Fuck. This crazy person on my porch was probably going to kill me, and there was no way to let my boyfriend know he needed to put his clothes on and come save me without letting the crazy person know I was onto his me-murdering plans. How did I know he was going to murder me? Because he was meth-skinny, wearing spandex pants and a vest with no shirt, and when I caught him “moving” my boyfriend’s bike and opened the door and asked “Can I help you,” he’d asked (superlying) for “Kristen” and then said the yellow of the bike had vibed him out and so he’d come up on the porch. For the vibes, and the yellow, and something was wrong with his car so could he have a drink? I finally got my boyfriend dressed by suggesting in a carrying voice that he move his bike inside (we had a nice conversation later about my possible murder versus the possible theft of his bike, and he promised that if I’d screamed, he would have run out naked and brained the guy with the fireplace poker, so he is a very good boyfriend, and from now on, he’s going to treat a deceptively mild request for his presence with girlfriend-rescuing urgency, as is right and proper, and also we agreed he would have been super sad if I’d died, which I always like to think about, so I had fun) and as he kept an eye on Crazy on the Porch, I got him a plastic cup of water and told him firmly he could take it with him. He poured it on his car.
A few minutes later, unable to suss out whether we were dealing with bad drugs or bad mental illness, and whether or not the dude really was trying to steal the bike (how would he even have fit it in his car, which was right there?), we called the cops. Then we lurked at the French doors (which didn’t hide us at all) and watched the dude go a couple times to the gay guys’ house across the street until they stopped opening their door to him and then the cops finally got there and cuffed him. We stayed inside, and the gay guy across the street stayed inside (he’d probably called the cops too), but the black guy across the street came outside to watch with interest, probably because he hadn’t called the cops and thus was free to announce his presence instead of lurking at the windows, and Crazy, once cuffed, started to sound really normal and reasonable until the big fat bald cop finally pointed at my house and asked Crazy if he’d tried to steal our bike.
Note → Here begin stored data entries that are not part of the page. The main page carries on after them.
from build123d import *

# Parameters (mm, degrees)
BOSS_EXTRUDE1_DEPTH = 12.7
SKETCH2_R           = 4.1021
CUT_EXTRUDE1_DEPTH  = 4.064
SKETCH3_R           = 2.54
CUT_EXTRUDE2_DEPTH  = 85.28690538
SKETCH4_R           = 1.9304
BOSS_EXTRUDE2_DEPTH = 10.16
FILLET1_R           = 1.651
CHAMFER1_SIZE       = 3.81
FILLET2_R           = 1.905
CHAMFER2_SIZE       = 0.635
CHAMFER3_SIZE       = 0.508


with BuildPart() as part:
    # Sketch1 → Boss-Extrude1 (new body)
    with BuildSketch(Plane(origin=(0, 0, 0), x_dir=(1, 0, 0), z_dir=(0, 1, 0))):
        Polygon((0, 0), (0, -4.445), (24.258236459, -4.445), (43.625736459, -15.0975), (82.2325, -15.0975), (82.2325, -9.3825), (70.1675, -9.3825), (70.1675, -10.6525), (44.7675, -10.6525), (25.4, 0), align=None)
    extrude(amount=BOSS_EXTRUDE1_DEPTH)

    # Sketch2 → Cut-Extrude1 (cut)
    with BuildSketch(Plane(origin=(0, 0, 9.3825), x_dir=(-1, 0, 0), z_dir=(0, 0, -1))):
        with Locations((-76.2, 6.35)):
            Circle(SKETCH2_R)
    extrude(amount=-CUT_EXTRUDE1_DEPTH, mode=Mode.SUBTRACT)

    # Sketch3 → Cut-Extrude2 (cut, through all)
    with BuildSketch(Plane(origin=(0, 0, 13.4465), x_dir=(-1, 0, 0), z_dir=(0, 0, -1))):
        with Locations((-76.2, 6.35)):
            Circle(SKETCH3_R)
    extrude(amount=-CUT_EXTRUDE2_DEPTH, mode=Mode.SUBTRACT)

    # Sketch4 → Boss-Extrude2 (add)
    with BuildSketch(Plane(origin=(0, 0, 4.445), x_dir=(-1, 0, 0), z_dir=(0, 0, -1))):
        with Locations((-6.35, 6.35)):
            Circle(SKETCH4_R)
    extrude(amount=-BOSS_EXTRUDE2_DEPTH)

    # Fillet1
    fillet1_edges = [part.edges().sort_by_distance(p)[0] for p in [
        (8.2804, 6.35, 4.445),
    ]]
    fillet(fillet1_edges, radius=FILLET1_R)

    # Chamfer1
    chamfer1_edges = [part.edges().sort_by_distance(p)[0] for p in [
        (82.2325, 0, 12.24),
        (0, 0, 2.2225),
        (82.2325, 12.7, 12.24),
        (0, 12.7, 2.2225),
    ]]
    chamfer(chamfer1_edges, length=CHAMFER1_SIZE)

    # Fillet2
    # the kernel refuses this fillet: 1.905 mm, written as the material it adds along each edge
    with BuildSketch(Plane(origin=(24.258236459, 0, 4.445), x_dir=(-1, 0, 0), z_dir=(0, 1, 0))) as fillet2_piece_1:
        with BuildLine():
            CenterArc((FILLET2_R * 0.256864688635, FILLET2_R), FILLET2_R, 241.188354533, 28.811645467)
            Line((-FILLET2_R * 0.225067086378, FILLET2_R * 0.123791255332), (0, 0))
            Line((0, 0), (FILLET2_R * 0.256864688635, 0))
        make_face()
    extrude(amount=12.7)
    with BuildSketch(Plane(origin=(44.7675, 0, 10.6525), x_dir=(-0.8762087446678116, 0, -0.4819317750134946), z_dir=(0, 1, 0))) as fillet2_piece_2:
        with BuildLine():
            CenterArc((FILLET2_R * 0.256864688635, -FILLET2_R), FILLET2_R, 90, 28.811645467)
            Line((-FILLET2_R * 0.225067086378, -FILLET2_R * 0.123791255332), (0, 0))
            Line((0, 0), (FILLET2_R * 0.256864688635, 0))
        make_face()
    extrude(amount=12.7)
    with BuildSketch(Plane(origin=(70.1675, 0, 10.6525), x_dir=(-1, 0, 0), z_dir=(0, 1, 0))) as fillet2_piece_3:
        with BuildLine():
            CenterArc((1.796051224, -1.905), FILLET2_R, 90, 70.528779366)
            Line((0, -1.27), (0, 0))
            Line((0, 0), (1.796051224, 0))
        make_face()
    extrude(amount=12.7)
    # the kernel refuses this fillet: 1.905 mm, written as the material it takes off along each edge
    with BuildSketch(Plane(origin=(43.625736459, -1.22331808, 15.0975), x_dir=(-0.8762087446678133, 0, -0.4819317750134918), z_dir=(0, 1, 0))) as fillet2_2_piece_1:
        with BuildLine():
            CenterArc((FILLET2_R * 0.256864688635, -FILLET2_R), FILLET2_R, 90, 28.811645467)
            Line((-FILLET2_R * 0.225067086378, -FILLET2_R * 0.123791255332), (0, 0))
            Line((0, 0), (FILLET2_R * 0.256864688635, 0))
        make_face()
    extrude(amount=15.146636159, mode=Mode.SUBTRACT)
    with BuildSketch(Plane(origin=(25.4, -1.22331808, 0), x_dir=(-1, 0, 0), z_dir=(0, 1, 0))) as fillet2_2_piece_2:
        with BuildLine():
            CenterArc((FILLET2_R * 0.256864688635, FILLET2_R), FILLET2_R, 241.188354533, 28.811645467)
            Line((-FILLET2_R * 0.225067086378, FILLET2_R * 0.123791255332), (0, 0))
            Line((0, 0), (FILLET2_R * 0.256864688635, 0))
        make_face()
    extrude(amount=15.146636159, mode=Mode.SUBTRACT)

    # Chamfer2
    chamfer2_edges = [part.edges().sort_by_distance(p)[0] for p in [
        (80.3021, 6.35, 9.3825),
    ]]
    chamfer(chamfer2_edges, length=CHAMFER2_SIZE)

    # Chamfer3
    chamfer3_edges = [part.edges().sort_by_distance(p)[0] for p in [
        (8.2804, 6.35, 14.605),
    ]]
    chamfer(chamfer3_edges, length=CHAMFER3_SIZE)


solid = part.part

Dude, Bald Cop, what the fuck?
Bald Cop came over and said Dude wasn’t playing with a full deck, he didn’t have any drugs in his vest pockets, he didn’t seem to be a danger to himself or others and thus was ineligible for a three-day hold, and we could have him arrested for trespass or they could just make him move on.
A move on was fine. I don’t usually have people arrested for stepping on my property. At least, not often.
And Dude drove off, and that’s when we saw the flattest tire on earth, and realized with horror that we’d just called the cops on someone for having a flat tire and daring to be stuck in our peaceful middle-class neighborhood, and of course he’d poured the water on the tire. That’s how you look for a leak.
God damn it! And so, with dread, I asked the cops if I had really just called them on someone for having a flat tire, and Bald Cop explained (really sympathetically, I thought, for a cop) that Dude was a homeless tranny prostitute who lived out of his car, which was filled with pink luggage, wigs, and the stench of perfume, and that since he was stuck with that flat, he’d probably been “borrowing” the bike as a way to go turn a trick and get some cash, and maybe he would have even returned it later (or sold it), and even though he never said whether he personally thought it was justified or not to call the cops on Crazy, it sounded sort of justified to me. But oh, poor Crazy! He clearly hadn’t eaten in three days or more, and I didn’t offer him any food, I just called the Man, and I am not a very good Jesus, and I felt genuinely terrible about it. But then my boyfriend said maybe if I’d given the guy some food, he would have thrown that on the car too, and then we laughed at the man for probably being mentally ill, even though the water on the tire was totally justified. So, we suck, but it was funny still, probably because of how we weren’t dead.
















1 Comment
Rebecca, I always love reading your stuff! But don’t fret overmuch about whether or not you did the right thing. We can’t possibly know what we don’t know, all we can know is that we don’t know it.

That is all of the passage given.